Fibered product of Hopf Fibrations

Question

I am wondering: what is the vector bundle associated to the Hopf-fibration $S^{3}\to S^{2}$?

What is the fibered product of two Hopf-fibrations?

Thanks.

Answer 1

$\newcommand{\Cpx}{\mathbf{C}}\newcommand{\Proj}{\mathbf{P}}$Modulo orientation, the complex line bundle coming from the Hopf map $\pi:S^{3} \to S^{2}$ is the tautological line bundle $\mathcal{O}_{\Proj^{1}}(-1)$, whose total space is the blow-up of $\Cpx^{2}$ at the origin. (The same real $2$-plane bundle with the opposite orientation is the hyperplane bundle $\mathcal{O}_{\Proj^{1}}(1)$, whose total space is the complement of a point in $\Cpx\Proj^{2}$.)

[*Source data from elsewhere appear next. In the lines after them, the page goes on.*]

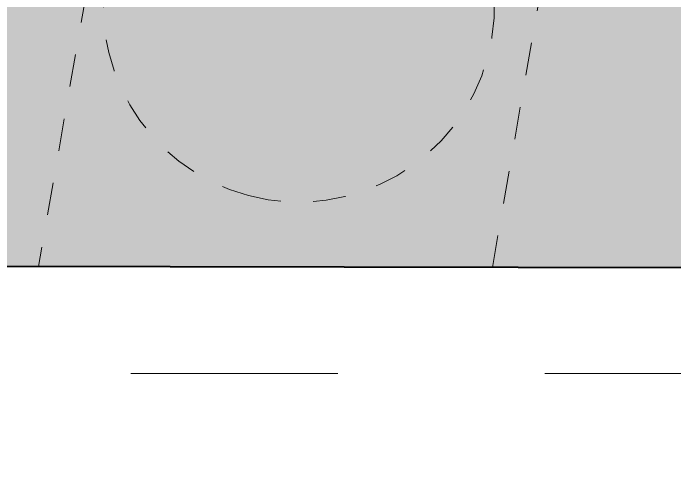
# Model space of a CAD drawing. Header units: metres. Extents: x -355 to -223, y 3 to 561.
# Drawn here: x -273.134 to -271.104, y 507.12 to 508.503 of the extents above; entities that cross this region are included whole.
import ezdxf

# ---------------------------------------------------------------- set-up
doc = ezdxf.new("R2010")
doc.units = ezdxf.units.M
doc.linetypes.add('JacobsDash', pattern=[0.0045, 0.003, -0.0015])
for name, color, linetype, lineweight in [('A-DETL', 7, 'Continuous', 13), ('A-DETL-GENF', 7, 'Continuous', 9), ('S-BEAM', 7, 'Continuous', 40), ('S-BEAM-HDLN', 7, 'JacobsDash', 15), ('S-FNDN-HDLN', 7, 'JacobsDash', 15)]:
    doc.layers.add(name, color=color, linetype=linetype, lineweight=lineweight)

msp = doc.modelspace()

# ---------------------------------------------------------------- hatches: boundary and pattern name
at = {"layer": 'A-DETL-GENF'}
h = msp.add_hatch(dxfattribs=at)
h.set_pattern_fill('FP_7', color=256, style=0, pattern_type=2)
h.set_pattern_definition([(0, (-512.804, -694.024), (0.635, 0.635), [0.635, -0.635])])
h.paths.add_polyline_path([(-246.7714, 504.6758), (-246.7658, 507.6758), (-275.6952, 507.7297), (-275.7078, 507.6577), (-276.1266, 507.7306), (-281.5305, 507.7407), (-281.5361, 504.7407), (-250.1263, 504.6821)])
at = {"layer": 'S-BEAM', "lineweight": 5, "true_color": 0xc0c0c0}
h = msp.add_hatch(color=9, dxfattribs=at)
h.paths.add_polyline_path([(-264.7789, 507.7094), (-264.7762, 509.1494), (-275.4444, 509.1694), (-275.6952, 507.7298), (-265.7582, 507.7113)])
h.paths.add_polyline_path([(-276.1266, 507.7306), (-276.2546, 507.7529), (-276.0076, 509.1704), (-281.528, 509.1807), (-281.5307, 507.7407), (-276.1794, 507.7307)])

# ---------------------------------------------------------------- linework, layer by layer
at = {"layer": 'A-DETL', "lineweight": 15}
msp.add_line((-246.7658, 507.6758), (-275.6952, 507.7298), dxfattribs=at)
at = {"layer": 'S-BEAM'}
msp.add_line((-264.7789, 507.7094), (-275.6952, 507.7298), dxfattribs=at)
at = {"layer": 'S-BEAM-HDLN'}
for p, q in [((-272.8059, 509.1644), (-273.0567, 507.7249)), ((-271.6642, 507.7223), (-271.4134, 509.1618))]:
    msp.add_line(p, q, dxfattribs=at)
at = {"layer": 'S-FNDN-HDLN'}
for start, end in [(75.1169, 255.1169), (255.1169, 75.1169)]:
    msp.add_arc((-272.258, 508.5232), 0.6, start, end, dxfattribs=at)

doc.saveas('drawing.dxf')

The fibre product of the Hopf map with itself (i.e., the pullback of the Hopf bundle by the Hopf map) is the torus bundle over $S^{2}$ whose fibre over a point $p$ is $\pi^{-1}(p) \times \pi^{-1}(p)$. The total space is a circle bundle over $S^{3}$ in two ways, by projecting away the respective factors.

---

Identify the circle $S^{1}$ with the multiplicative group of unit complex numbers. If $\pi:P \to M$ is a principal $S^{1}$-bundle over a smooth manifold $M$ and $\rho$ is an effective linear representation of $S^{1}$ on $\Cpx$ (i.e., $\rho(e^{it})$ is multiplication by $e^{it}$, or by $e^{-it}$), then there is a complex line bundle $$ E = P \times_{S^{1}} \Cpx \to M, $$ in which the action of $S^{1}$ on $P$ is the principal action, and the action on $\Cpx$ is via $\rho$.

The usual norm on $\Cpx$ induces an Hermitian metric in $E$, for which the total space of $P$ is the unit circle bundle.

The $2$-sphere may be identified with $\Cpx\Proj^{1}$, the space of complex lines through the origin in $\Cpx^{2}$, and the $3$-sphere may be identified with the set of unit vectors in $\Cpx^{2}$, whereupon the Hopf bundle $P = S^{3} \to S^{2}$ is identified with the projection sending a unit vector $x$ to the (complex) line through $x$, viewed as an element of $S^{2}$.

The action $S^{1} \times S^{3} \to S^{3}$ defined by $(e^{it}, x) \mapsto e^{it}x$ endows $S^{3}$ with the structure of a principal circle bundle over $S^{2}$. If $\rho$ is an effective representation of the circle on $\Cpx$, the associated complex line bundle is obtained from the restriction of the circle action $$ S^{1} \times (\Cpx^{2} \times \Cpx) \to \Cpx^{2} \times \Cpx,\qquad (e^{it}, x, v) \mapsto (e^{it} x, e^{\pm it}v). \tag{1} $$

If $S^{1}$ acts by conjugate multiplication on $\Cpx$, the associated complex line bundle is obtained from the restriction of the circle action $$ S^{1} \times (\Cpx^{2} \times \Cpx) \to \Cpx^{2} \times \Cpx,\qquad (e^{it}, x, v) \mapsto (e^{it} x, e^{-it}v). $$ The product $(x, v) \mapsto vx$ is invariant under the action, so we may identify the second factor $\Cpx$ with the line through $x$, subject to the understanding that "each line has its own origin/zero vector". The latter is precisely the total space of the blow-up of $\Cpx^{2}$ at the origin. The induced complex line bundle is $\mathcal{O}_{\Proj^{1}}(-1)$.

The action of $S^{1}$ by ordinary multiplication also has a familiar interpretation. Equation (1) becomes the action of $S^{1}$ on $\Cpx^{3}$ by scalar multiplication, whose quotient is $\Cpx\Proj^{2}$. Since $x$ is point of $S^{3}$, i.e., a unit vector in $\Cpx^{2}$, the point $[0:0:1]$ is not in the image; that is, the total space of this line bundle is the complement of a point in $\Cpx\Proj^{2}$. The projective line $S^{2}$ sits "at infinity", and the bundle projection is radial projection from the origin. In algebraic geometry, this complex (in fact, holomorphic) line bundle is the "hyperplane bundle" $\mathcal{O}_{\Proj^{1}}(1)$.

The underlying (unoriented) real $2$-plane bundles are equivalent under fibrewise conjugation.